ABOUT THIS EXERCISE - In the entries below, find the line with "#88=ORIENTED_EDGE('',*,*,#87,.T.);" and the line with "#102=CARTESIAN_POINT('',(0.,3.42900000000002,1.58749999999997));". Print those two and everything between them exactly, and nothing else.

MATERIAL FOR THE TASK -
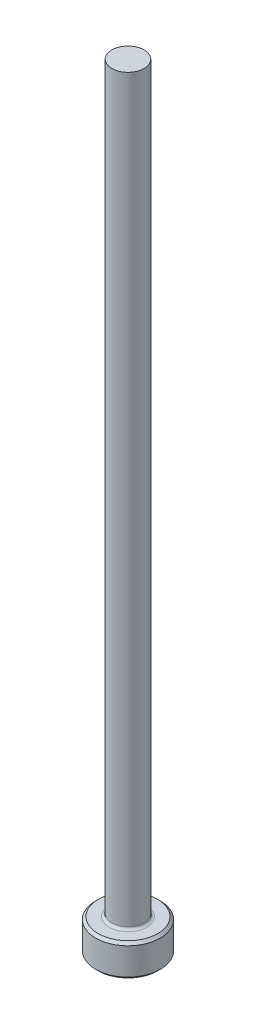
ISO-10303-21;
HEADER;
FILE_DESCRIPTION(('STEP AP214'),'2;1');
FILE_NAME('part.step','',(''),(''),'','','');
FILE_SCHEMA(('AUTOMOTIVE_DESIGN { 1 0 10303 214 1 1 1 1 }'));
ENDSEC;
DATA;
#1=APPLICATION_CONTEXT('core data for automotive mechanical design processes');
#2=APPLICATION_PROTOCOL_DEFINITION('international standard','automotive_design',2000,#1);
#3=PRODUCT_CONTEXT('',#1,'mechanical');
#4=PRODUCT('Part','Part','',(#3));
#5=PRODUCT_RELATED_PRODUCT_CATEGORY('part','',(#4));
#6=PRODUCT_DEFINITION_FORMATION('','',#4);
#7=PRODUCT_DEFINITION_CONTEXT('part definition',#1,'design');
#8=PRODUCT_DEFINITION('design','',#6,#7);
#9=PRODUCT_DEFINITION_SHAPE('','',#8);
#10=(LENGTH_UNIT() NAMED_UNIT(*) SI_UNIT(.MILLI.,.METRE.));
#11=(NAMED_UNIT(*) PLANE_ANGLE_UNIT() SI_UNIT($,.RADIAN.));
#12=(NAMED_UNIT(*) SI_UNIT($,.STERADIAN.) SOLID_ANGLE_UNIT());
#13=UNCERTAINTY_MEASURE_WITH_UNIT(LENGTH_MEASURE(1.E-05),#10,'distance_accuracy_value','');
#14=(GEOMETRIC_REPRESENTATION_CONTEXT(3) GLOBAL_UNCERTAINTY_ASSIGNED_CONTEXT((#13)) GLOBAL_UNIT_ASSIGNED_CONTEXT((#10,
#11,#12)) REPRESENTATION_CONTEXT('',''));
#15=CARTESIAN_POINT('',(0.,0.,0.));
#16=DIRECTION('',(0.,0.,1.));
#17=DIRECTION('',(1.,0.,0.));
#18=AXIS2_PLACEMENT_3D('',#15,#16,#17);
#19=CARTESIAN_POINT('',(0.,0.,0.));
#20=DIRECTION('',(0.,-1.,0.));
#21=DIRECTION('',(0.,0.,-1.));
#22=AXIS2_PLACEMENT_3D('',#19,#20,#21);
#23=PLANE('',#22);
#24=CARTESIAN_POINT('',(0.,0.,0.));
#25=DIRECTION('',(0.,-1.,0.));
#26=DIRECTION('',(0.,0.,-1.));
#27=AXIS2_PLACEMENT_3D('',#24,#25,#26);
#28=CIRCLE('',#27,2.92099999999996);
#29=CARTESIAN_POINT('',(0.,0.,-2.92099999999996));
#30=VERTEX_POINT('',#29);
#31=EDGE_CURVE('E46',#30,#30,#28,.T.);
#32=ORIENTED_EDGE('',*,*,#31,.T.);
#33=EDGE_LOOP('',(#32));
#34=FACE_BOUND('',#33,.T.);
#35=ADVANCED_FACE('F35',(#34),#23,.T.);
#36=CARTESIAN_POINT('',(0.,259.958771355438,0.));
#37=DIRECTION('',(0.,1.,0.));
#38=DIRECTION('',(0.,0.,1.));
#39=AXIS2_PLACEMENT_3D('',#36,#37,#38);
#40=CYLINDRICAL_SURFACE('',#39,3.17499999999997);
#41=CARTESIAN_POINT('',(0.,2.92099999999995,0.));
#42=DIRECTION('',(0.,1.,0.));
#43=DIRECTION('',(0.,0.,1.));
#44=AXIS2_PLACEMENT_3D('',#41,#42,#43);
#45=CIRCLE('',#44,3.17499999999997);
#46=CARTESIAN_POINT('',(0.,2.92099999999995,3.17499999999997));
#47=VERTEX_POINT('',#46);
#48=EDGE_CURVE('E50',#47,#47,#45,.F.);
#49=ORIENTED_EDGE('',*,*,#48,.T.);
#50=EDGE_LOOP('',(#49));
#51=FACE_BOUND('',#50,.T.);
#52=CARTESIAN_POINT('',(0.,0.254000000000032,0.));
#53=DIRECTION('',(0.,-1.,0.));
#54=DIRECTION('',(0.,0.,-1.));
#55=AXIS2_PLACEMENT_3D('',#52,#53,#54);
#56=CIRCLE('',#55,3.17499999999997);
#57=CARTESIAN_POINT('',(0.,0.254000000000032,-3.17499999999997));
#58=VERTEX_POINT('',#57);
#59=EDGE_CURVE('E55',#58,#58,#56,.F.);
#60=ORIENTED_EDGE('',*,*,#59,.T.);
#61=EDGE_LOOP('',(#60));
#62=FACE_BOUND('',#61,.T.);
#63=ADVANCED_FACE('F77',(#51,#62),#40,.T.);
#64=CARTESIAN_POINT('',(-3.17499999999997,3.175,0.));
#65=DIRECTION('',(0.,1.,0.));
#66=DIRECTION('',(0.,0.,1.));
#67=AXIS2_PLACEMENT_3D('',#64,#65,#66);
#68=PLANE('',#67);
#69=CARTESIAN_POINT('',(0.,3.175,0.));
#70=DIRECTION('',(0.,1.,0.));
#71=DIRECTION('',(0.,0.,1.));
#72=AXIS2_PLACEMENT_3D('',#69,#70,#71);
#73=CIRCLE('',#72,1.84149999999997);
#74=CARTESIAN_POINT('',(0.,3.175,1.84149999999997));
#75=VERTEX_POINT('',#74);
#76=EDGE_CURVE('E10',#75,#75,#73,.F.);
#77=ORIENTED_EDGE('',*,*,#76,.T.);
#78=EDGE_LOOP('',(#77));
#79=FACE_BOUND('',#78,.T.);
#80=CARTESIAN_POINT('',(0.,3.175,0.));
#81=DIRECTION('',(0.,1.,0.));
#82=DIRECTION('',(0.,0.,1.));
#83=AXIS2_PLACEMENT_3D('',#80,#81,#82);
#84=CIRCLE('',#83,2.92099999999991);
#85=CARTESIAN_POINT('',(0.,3.175,2.92099999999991));
#86=VERTEX_POINT('',#85);
#87=EDGE_CURVE('E58',#86,#86,#84,.T.);
#88=ORIENTED_EDGE('',*,*,#87,.T.);
#89=EDGE_LOOP('',(#88));
#90=FACE_BOUND('',#89,.T.);
#91=ADVANCED_FACE('F69',(#79,#90),#68,.T.);
#92=CARTESIAN_POINT('',(0.,259.958771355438,0.));
#93=DIRECTION('',(0.,1.,0.));
#94=DIRECTION('',(0.,0.,1.));
#95=AXIS2_PLACEMENT_3D('',#92,#93,#94);
#96=CYLINDRICAL_SURFACE('',#95,1.58749999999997);
#97=CARTESIAN_POINT('',(0.,3.42900000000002,0.));
#98=DIRECTION('',(0.,1.,0.));
#99=DIRECTION('',(0.,0.,1.));
#100=AXIS2_PLACEMENT_3D('',#97,#98,#99);
#101=CIRCLE('',#100,1.58749999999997);
#102=CARTESIAN_POINT('',(0.,3.42900000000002,1.58749999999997));
#103=VERTEX_POINT('',#102);
#104=EDGE_CURVE('E42',#103,#103,#101,.T.);
#105=ORIENTED_EDGE('',*,*,#104,.T.);
#106=EDGE_LOOP('',(#105));
#107=FACE_BOUND('',#106,.T.);
#108=CARTESIAN_POINT('',(0.,76.2,0.));
#109=DIRECTION('',(0.,1.,0.));
#110=DIRECTION('',(0.,0.,1.));
#111=AXIS2_PLACEMENT_3D('',#108,#109,#110);
#112=CIRCLE('',#111,1.58749999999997);
#113=CARTESIAN_POINT('',(0.,76.2,1.58749999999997));
#114=VERTEX_POINT('',#113);
#115=EDGE_CURVE('E61',#114,#114,#112,.T.);
#116=ORIENTED_EDGE('',*,*,#115,.F.);
#117=EDGE_LOOP('',(#116));
#118=FACE_BOUND('',#117,.T.);
#119=ADVANCED_FACE('F67',(#107,#118),#96,.T.);
#120=CARTESIAN_POINT('',(-1.58749999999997,76.2,0.));
#121=DIRECTION('',(0.,1.,0.));
#122=DIRECTION('',(0.,0.,1.));
#123=AXIS2_PLACEMENT_3D('',#120,#121,#122);
#124=PLANE('',#123);
#125=ORIENTED_EDGE('',*,*,#115,.T.);
#126=EDGE_LOOP('',(#125));
#127=FACE_BOUND('',#126,.T.);
#128=ADVANCED_FACE('F65',(#127),#124,.T.);
#129=CARTESIAN_POINT('',(0.,3.17499999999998,0.));
#130=DIRECTION('',(0.,-1.,0.));
#131=DIRECTION('',(0.,0.,-1.));
#132=AXIS2_PLACEMENT_3D('',#129,#130,#131);
#133=CONICAL_SURFACE('',#132,2.92099999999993,0.78539816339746);
#134=ORIENTED_EDGE('',*,*,#48,.F.);
#135=EDGE_LOOP('',(#134));
#136=FACE_BOUND('',#135,.T.);
#137=ORIENTED_EDGE('',*,*,#87,.F.);
#138=EDGE_LOOP('',(#137));
#139=FACE_BOUND('',#138,.T.);
#140=ADVANCED_FACE('F75',(#136,#139),#133,.T.);
#141=CARTESIAN_POINT('',(0.,0.254000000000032,0.));
#142=DIRECTION('',(0.,1.,0.));
#143=DIRECTION('',(0.,0.,1.));
#144=AXIS2_PLACEMENT_3D('',#141,#142,#143);
#145=CONICAL_SURFACE('',#144,3.17499999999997,0.785398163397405);
#146=ORIENTED_EDGE('',*,*,#31,.F.);
#147=EDGE_LOOP('',(#146));
#148=FACE_BOUND('',#147,.T.);
#149=ORIENTED_EDGE('',*,*,#59,.F.);
#150=EDGE_LOOP('',(#149));
#151=FACE_BOUND('',#150,.T.);
#152=ADVANCED_FACE('F89',(#148,#151),#145,.T.);
#153=CARTESIAN_POINT('',(0.,3.42900000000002,0.));
#154=DIRECTION('',(0.,1.,0.));
#155=DIRECTION('',(0.,0.,1.));
#156=AXIS2_PLACEMENT_3D('',#153,#154,#155);
#157=TOROIDAL_SURFACE('',#156,1.84149999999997,0.254);
#158=ORIENTED_EDGE('',*,*,#76,.F.);
#159=EDGE_LOOP('',(#158));
#160=FACE_BOUND('',#159,.T.);
#161=ORIENTED_EDGE('',*,*,#104,.F.);
#162=EDGE_LOOP('',(#161));
#163=FACE_BOUND('',#162,.T.);
#164=ADVANCED_FACE('F37',(#160,#163),#157,.F.);
#165=CLOSED_SHELL('',(#35,#63,#91,#119,#128,#140,#152,#164));
#166=MANIFOLD_SOLID_BREP('B2',#165);
#167=ADVANCED_BREP_SHAPE_REPRESENTATION('',(#18,#166),#14);
#168=SHAPE_DEFINITION_REPRESENTATION(#9,#167);
ENDSEC;
END-ISO-10303-21;

EXERCISE RESPONSE -
#88=ORIENTED_EDGE('',*,*,#87,.T.);
#89=EDGE_LOOP('',(#88));
#90=FACE_BOUND('',#89,.T.);
#91=ADVANCED_FACE('F69',(#79,#90),#68,.T.);
#92=CARTESIAN_POINT('',(0.,259.958771355438,0.));
#93=DIRECTION('',(0.,1.,0.));
#94=DIRECTION('',(0.,0.,1.));
#95=AXIS2_PLACEMENT_3D('',#92,#93,#94);
#96=CYLINDRICAL_SURFACE('',#95,1.58749999999997);
#97=CARTESIAN_POINT('',(0.,3.42900000000002,0.));
#98=DIRECTION('',(0.,1.,0.));
#99=DIRECTION('',(0.,0.,1.));
#100=AXIS2_PLACEMENT_3D('',#97,#98,#99);
#101=CIRCLE('',#100,1.58749999999997);
#102=CARTESIAN_POINT('',(0.,3.42900000000002,1.58749999999997));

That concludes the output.